What to produce
Return the records exactly as they stand, and keep the pictures out of the copy.

Supplied entries
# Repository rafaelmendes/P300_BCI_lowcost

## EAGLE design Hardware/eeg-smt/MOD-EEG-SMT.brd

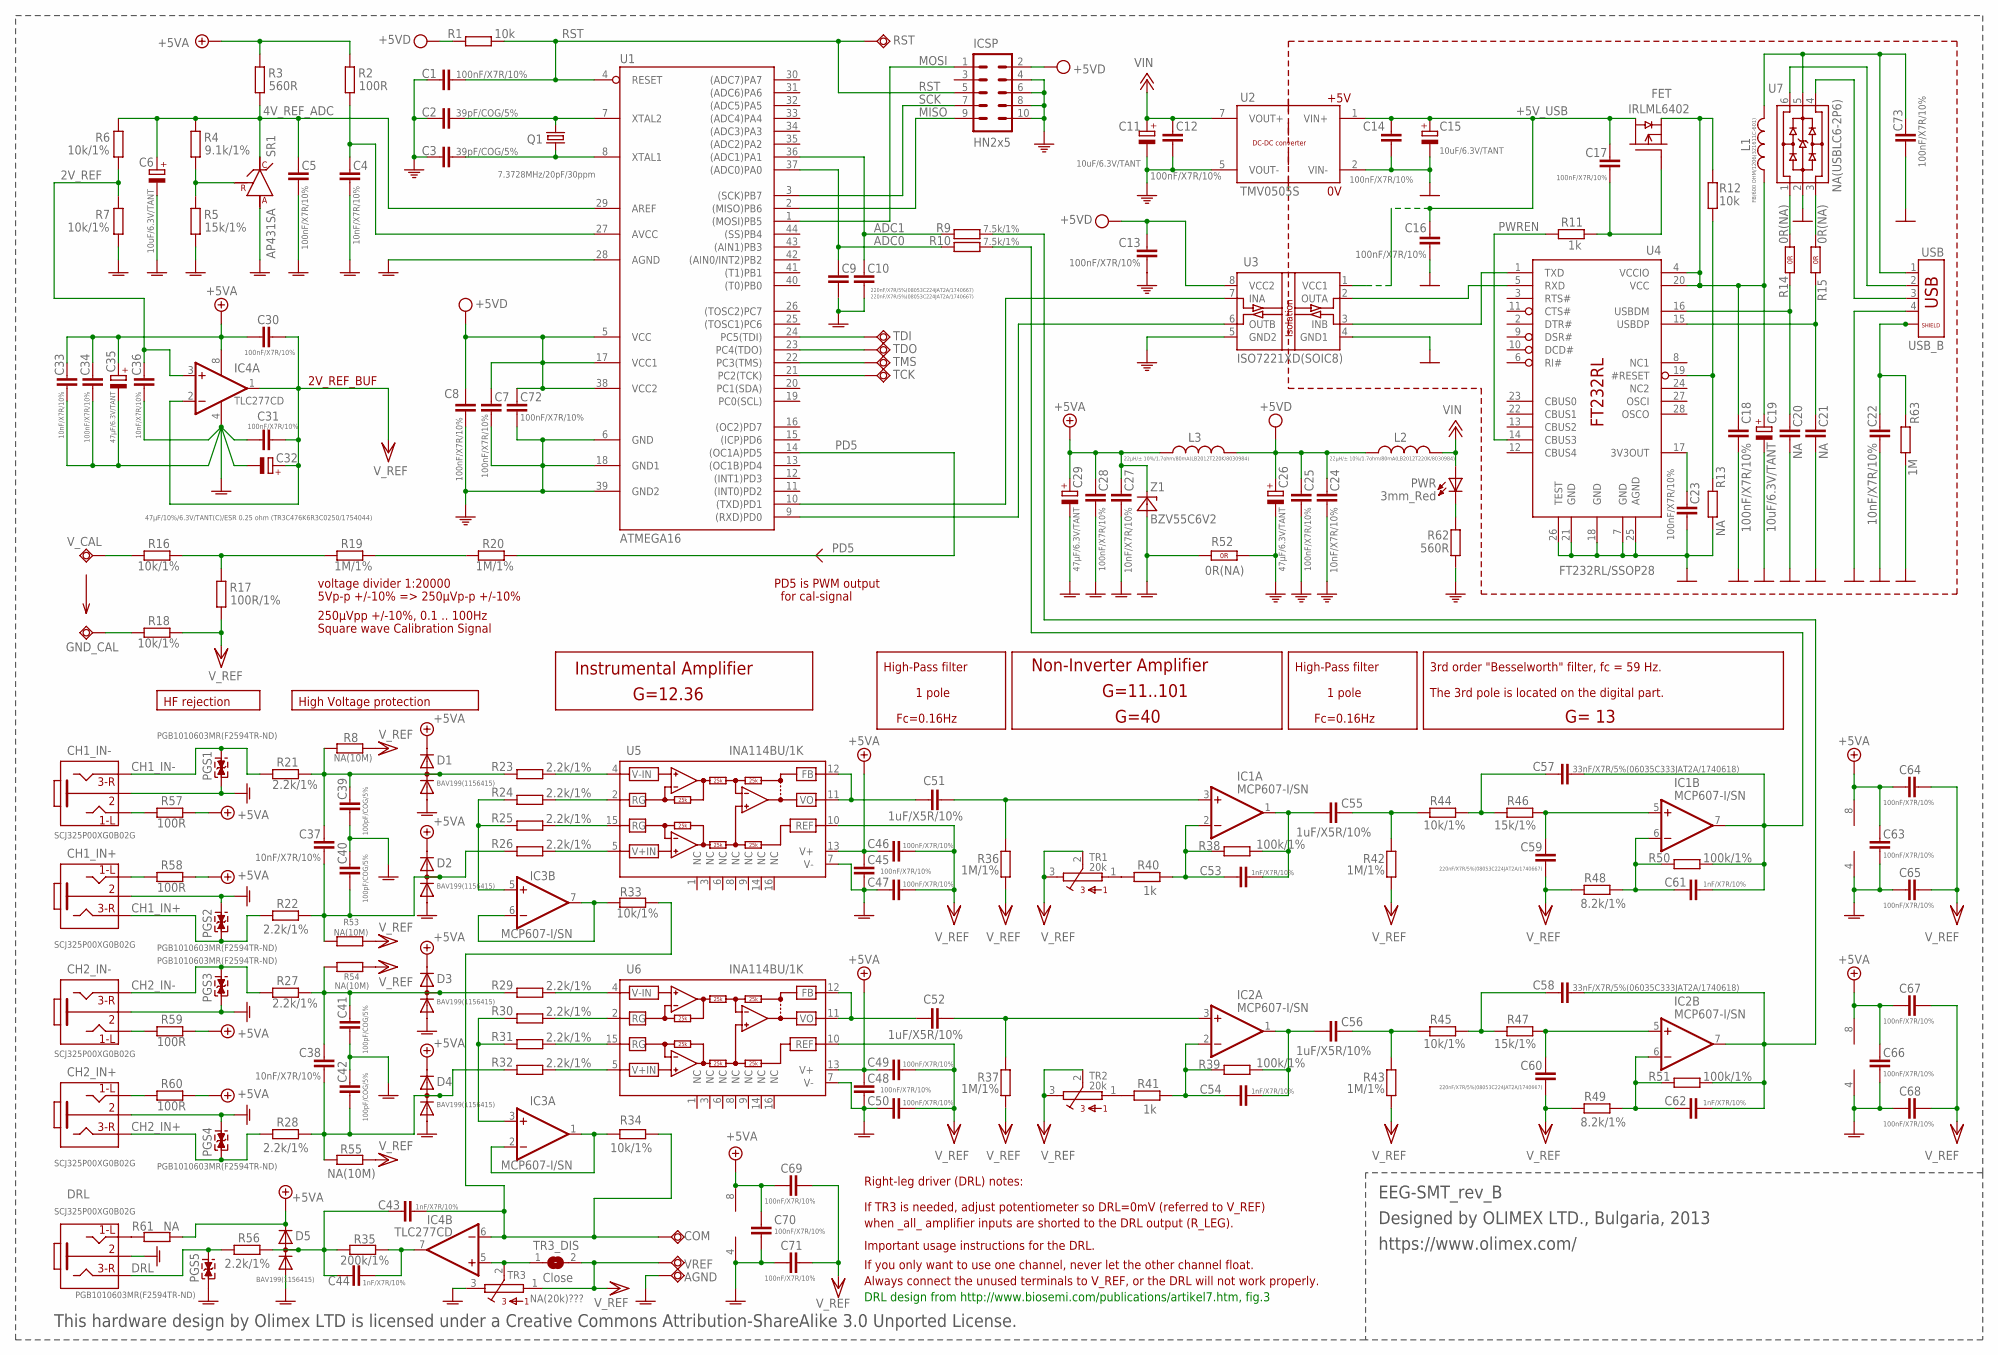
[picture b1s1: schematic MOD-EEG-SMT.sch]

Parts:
AGND: TESTPAD3; TEST_PAD40/70/SQUARE
C1, C5, C7, C8, C12, C13, C14, C16, C17, C18, C23, C25, C28, C30, C31, C34, C45, C46, C47, C48, C49, C50, C63, C64, C65, C66, C67, C68, C69, C70, C71, C72, C73: 100nF/X7R/10%; C0603_DWS
C2, C3: 39pF/COG/5%; C0603_DWS
C4, C22, C24, C27, C33, C36, C37, C38: 10nF/X7R/10%; C0603_DWS
C6, C11, C15, C19: 10uF/6.3V/TANT; CT3216
C9, C10, C59, C60: 220nF/X7R/5%(08053C224JAT2A/1740667); C0805_5MIL_DWS
C20, C21: NA; C0603_DWS_NA
C26, C29, C35: 47µF/6.3V/TANT; CT3528
C32: 47µF/10%/6.3V/TANT(C)/ESR 0.25 ohm (TR3C476K6R3C0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; CT6032
C39, C40, C41, C42: 100pF/COG/5%; C0603_DWS
C43, C44, C53, C54, C61, C62: 1nF/X7R/10%; C0603_DWS
C51, C52, C55, C56: 1uF/X5R/10%; C0603_DWS
C57, C58: 33nF/X7R/5%(06035C333JAT2A/1740618); C0603_DWS
CH1_IN+, CH1_IN-, CH2_IN+, CH2_IN-: SCJ325P00XG0B02G; PHONE_JACK-SMD
COM: TESTPAD3; TEST_PAD40/70/SQUARE
D1, D2, D3, D4, D5: BAV199(1156415); SOT23C(BAT54S)
DRL: SCJ325P00XG0B02G; PHONE_JACK-SMD
FET: IRLML6402; SOT23
GND_CAL: TESTPAD3; TEST_PAD40/70/SQUARE
IC1, IC2, IC3: MCP607-I/SN; SO08
IC4: TLC277CD; SO08
ICSP: HN2x5; ML10_NEW
L1: FB/600 OHM/1206(321611C-601); L1206_5MIL
L2, L3: 22µH/± 10%/1.7ohm/80mA(LB2012T220K/8030984); L0805_5MIL_DWS
PGS1, PGS2, PGS3, PGS4, PGS5: PGB1010603MR(F2594TR-ND); 0603
PWR: 3mm_Red; LED-3.0MM
Q1: 7.3728MHz/20pF/30ppm; HC49/SMD2_THIN
R1, R12: 10k; R0603_5MIL_DWS
R2, R57, R58, R59, R60: 100R; R0603_5MIL_DWS
R3, R62: 560R; R0603_5MIL_DWS
R4: 9.1k/1%; R0603_5MIL_DWS
R5, R46, R47: 15k/1%; R0603_5MIL_DWS
R6, R7, R16, R18, R33, R34, R44, R45: 10k/1%; R0603_5MIL_DWS
R8, R53, R54, R55: NA(10M); R0603_5MIL_DWS
R9, R10: 7.5k/1%; R0603_5MIL_DWS
R11, R40, R41: 1k; R0603_5MIL_DWS
R13, R61: NA; R0603_5MIL_DWS_NA
R14, R15, R52: 0R(NA); 0603_0R
R17: 100R/1%; R0603_5MIL_DWS
R19, R20, R36, R37, R42, R43: 1M/1%; R0603_5MIL_DWS
R21, R22, R23, R24, R25, R26, R27, R28, R29, R30, R31, R32, R56: 2.2k/1%; R0603_5MIL_DWS
R35: 200k/1%; R0603_5MIL_DWS
R38, R39, R50, R51: 100k/1%; R0603_5MIL_DWS
R48, R49: 8.2k/1%; R0603_5MIL_DWS
R63: 1M; R0603_5MIL_DWS
RST: TESTPAD80/30; SMD80/30
SR1: AP431SA; SOT-23
TCK: TESTPAD80/30; SMD80/30
TDI: TESTPAD80/30; SMD80/30
TDO: TESTPAD80/30; SMD80/30
TMS: TESTPAD80/30; SMD80/30
TR1, TR2: 20k; S64Y
TR3: NA(20k)???; S64Y
TR3_DIS: Close; SJ_1_SMALLER
U1: ATMEGA16; 44TQFP
U2: TMV0505S; TMADCDC
U3: ISO7221XD(SOIC8); SO-8_ISOLATE
U4: FT232RL/SSOP28; SSOP28
U5, U6: INA114BU/1K; SO16
U7: NA(USBLC6-2P6); USBLC6-2P6
USB: USB_B; USB_NEAR_BLACK
VREF: TESTPAD3; TEST_PAD40/70/SQUARE
V_CAL: TESTPAD3; TEST_PAD40/70/SQUARE
Z1: BZV55C6V2; MINI-MELF

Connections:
2V_REF: C36.1, IC4.3 (+IN), R6.1, R7.2
4V_REF_ADC: C5.1, C6.+, R3.1, R4.2, R6.2, SR1.1 (C), U1.29 (AREF)
+5V: C27.1, C28.1, C29.+, C30.2, C33.1, C34.1, C35.+, C45.1, C46.1, C48.1, C49.1, C63.1, C64.1, C66.1, C67.1, C69.1, C70.1, D1.2 (K), D2.2 (K), D3.2 (K), D4.2 (K), D5.2 (K), IC1.8 (V+), IC2.8 (V+), IC3.8 (V+), IC4.8 (V+), L3.2, R2.2, R3.2, R57.2, R58.2, R59.2, R60.2, R61.2, U5.13 (V+), U6.13 (V+), Z1.1 (C)
+5V_USB: C14.1, C15.+, C16.1, C17.1, FET.3 (D), U2.1 (VIN+), U3.1 (VCC1)
+12V: C11.+, C12.1, L2.1, PWR.A, U2.7 (VOUT+)
ADC0: C9.1, R10.1, U1.37 ((ADC0)PA0)
ADC1: C10.1, R9.1, U1.36 ((ADC1)PA1)
CH1_IN+: CH1_IN+.2 (3), PGS2.1, R22.1
CH1_IN-: CH1_IN-.2 (3), PGS1.2, R21.1
CH2_IN+: CH2_IN+.2 (3), PGS4.1, R28.1
CH2_IN-: CH2_IN-.2 (3), PGS3.2, R27.1
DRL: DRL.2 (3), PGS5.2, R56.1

Answer for the task
# Repository rafaelmendes/P300_BCI_lowcost

## EAGLE design Hardware/eeg-smt/MOD-EEG-SMT.brd

[picture b1s1: schematic MOD-EEG-SMT.sch]

Parts:
AGND: TESTPAD3; TEST_PAD40/70/SQUARE
C1, C5, C7, C8, C12, C13, C14, C16, C17, C18, C23, C25, C28, C30, C31, C34, C45, C46, C47, C48, C49, C50, C63, C64, C65, C66, C67, C68, C69, C70, C71, C72, C73: 100nF/X7R/10%; C0603_DWS
C2, C3: 39pF/COG/5%; C0603_DWS
C4, C22, C24, C27, C33, C36, C37, C38: 10nF/X7R/10%; C0603_DWS
C6, C11, C15, C19: 10uF/6.3V/TANT; CT3216
C9, C10, C59, C60: 220nF/X7R/5%(08053C224JAT2A/1740667); C0805_5MIL_DWS
C20, C21: NA; C0603_DWS_NA
C26, C29, C35: 47µF/6.3V/TANT; CT3528
C32: 47µF/10%/6.3V/TANT(C)/ESR 0.25 ohm (TR3C476K6R3C0; CT6032
C39, C40, C41, C42: 100pF/COG/5%; C0603_DWS
C43, C44, C53, C54, C61, C62: 1nF/X7R/10%; C0603_DWS
C51, C52, C55, C56: 1uF/X5R/10%; C0603_DWS
C57, C58: 33nF/X7R/5%(06035C333JAT2A/1740618); C0603_DWS
CH1_IN+, CH1_IN-, CH2_IN+, CH2_IN-: SCJ325P00XG0B02G; PHONE_JACK-SMD
COM: TESTPAD3; TEST_PAD40/70/SQUARE
D1, D2, D3, D4, D5: BAV199(1156415); SOT23C(BAT54S)
DRL: SCJ325P00XG0B02G; PHONE_JACK-SMD
FET: IRLML6402; SOT23
GND_CAL: TESTPAD3; TEST_PAD40/70/SQUARE
IC1, IC2, IC3: MCP607-I/SN; SO08
IC4: TLC277CD; SO08
ICSP: HN2x5; ML10_NEW
L1: FB/600 OHM/1206(321611C-601); L1206_5MIL
L2, L3: 22µH/± 10%/1.7ohm/80mA(LB2012T220K/8030984); L0805_5MIL_DWS
PGS1, PGS2, PGS3, PGS4, PGS5: PGB1010603MR(F2594TR-ND); 0603
PWR: 3mm_Red; LED-3.0MM
Q1: 7.3728MHz/20pF/30ppm; HC49/SMD2_THIN
R1, R12: 10k; R0603_5MIL_DWS
R2, R57, R58, R59, R60: 100R; R0603_5MIL_DWS
R3, R62: 560R; R0603_5MIL_DWS
R4: 9.1k/1%; R0603_5MIL_DWS
R5, R46, R47: 15k/1%; R0603_5MIL_DWS
R6, R7, R16, R18, R33, R34, R44, R45: 10k/1%; R0603_5MIL_DWS
R8, R53, R54, R55: NA(10M); R0603_5MIL_DWS
R9, R10: 7.5k/1%; R0603_5MIL_DWS
R11, R40, R41: 1k; R0603_5MIL_DWS
R13, R61: NA; R0603_5MIL_DWS_NA
R14, R15, R52: 0R(NA); 0603_0R
R17: 100R/1%; R0603_5MIL_DWS
R19, R20, R36, R37, R42, R43: 1M/1%; R0603_5MIL_DWS
R21, R22, R23, R24, R25, R26, R27, R28, R29, R30, R31, R32, R56: 2.2k/1%; R0603_5MIL_DWS
R35: 200k/1%; R0603_5MIL_DWS
R38, R39, R50, R51: 100k/1%; R0603_5MIL_DWS
R48, R49: 8.2k/1%; R0603_5MIL_DWS
R63: 1M; R0603_5MIL_DWS
RST: TESTPAD80/30; SMD80/30
SR1: AP431SA; SOT-23
TCK: TESTPAD80/30; SMD80/30
TDI: TESTPAD80/30; SMD80/30
TDO: TESTPAD80/30; SMD80/30
TMS: TESTPAD80/30; SMD80/30
TR1, TR2: 20k; S64Y
TR3: NA(20k)???; S64Y
TR3_DIS: Close; SJ_1_SMALLER
U1: ATMEGA16; 44TQFP
U2: TMV0505S; TMADCDC
U3: ISO7221XD(SOIC8); SO-8_ISOLATE
U4: FT232RL/SSOP28; SSOP28
U5, U6: INA114BU/1K; SO16
U7: NA(USBLC6-2P6); USBLC6-2P6
USB: USB_B; USB_NEAR_BLACK
VREF: TESTPAD3; TEST_PAD40/70/SQUARE
V_CAL: TESTPAD3; TEST_PAD40/70/SQUARE
Z1: BZV55C6V2; MINI-MELF

Connections:
2V_REF: C36.1, IC4.3 (+IN), R6.1, R7.2
4V_REF_ADC: C5.1, C6.+, R3.1, R4.2, R6.2, SR1.1 (C), U1.29 (AREF)
+5V: C27.1, C28.1, C29.+, C30.2, C33.1, C34.1, C35.+, C45.1, C46.1, C48.1, C49.1, C63.1, C64.1, C66.1, C67.1, C69.1, C70.1, D1.2 (K), D2.2 (K), D3.2 (K), D4.2 (K), D5.2 (K), IC1.8 (V+), IC2.8 (V+), IC3.8 (V+), IC4.8 (V+), L3.2, R2.2, R3.2, R57.2, R58.2, R59.2, R60.2, R61.2, U5.13 (V+), U6.13 (V+), Z1.1 (C)
+5V_USB: C14.1, C15.+, C16.1, C17.1, FET.3 (D), U2.1 (VIN+), U3.1 (VCC1)
+12V: C11.+, C12.1, L2.1, PWR.A, U2.7 (VOUT+)
ADC0: C9.1, R10.1, U1.37 ((ADC0)PA0)
ADC1: C10.1, R9.1, U1.36 ((ADC1)PA1)
CH1_IN+: CH1_IN+.2 (3), PGS2.1, R22.1
CH1_IN-: CH1_IN-.2 (3), PGS1.2, R21.1
CH2_IN+: CH2_IN+.2 (3), PGS4.1, R28.1
CH2_IN-: CH2_IN-.2 (3), PGS3.2, R27.1
DRL: DRL.2 (3), PGS5.2, R56.1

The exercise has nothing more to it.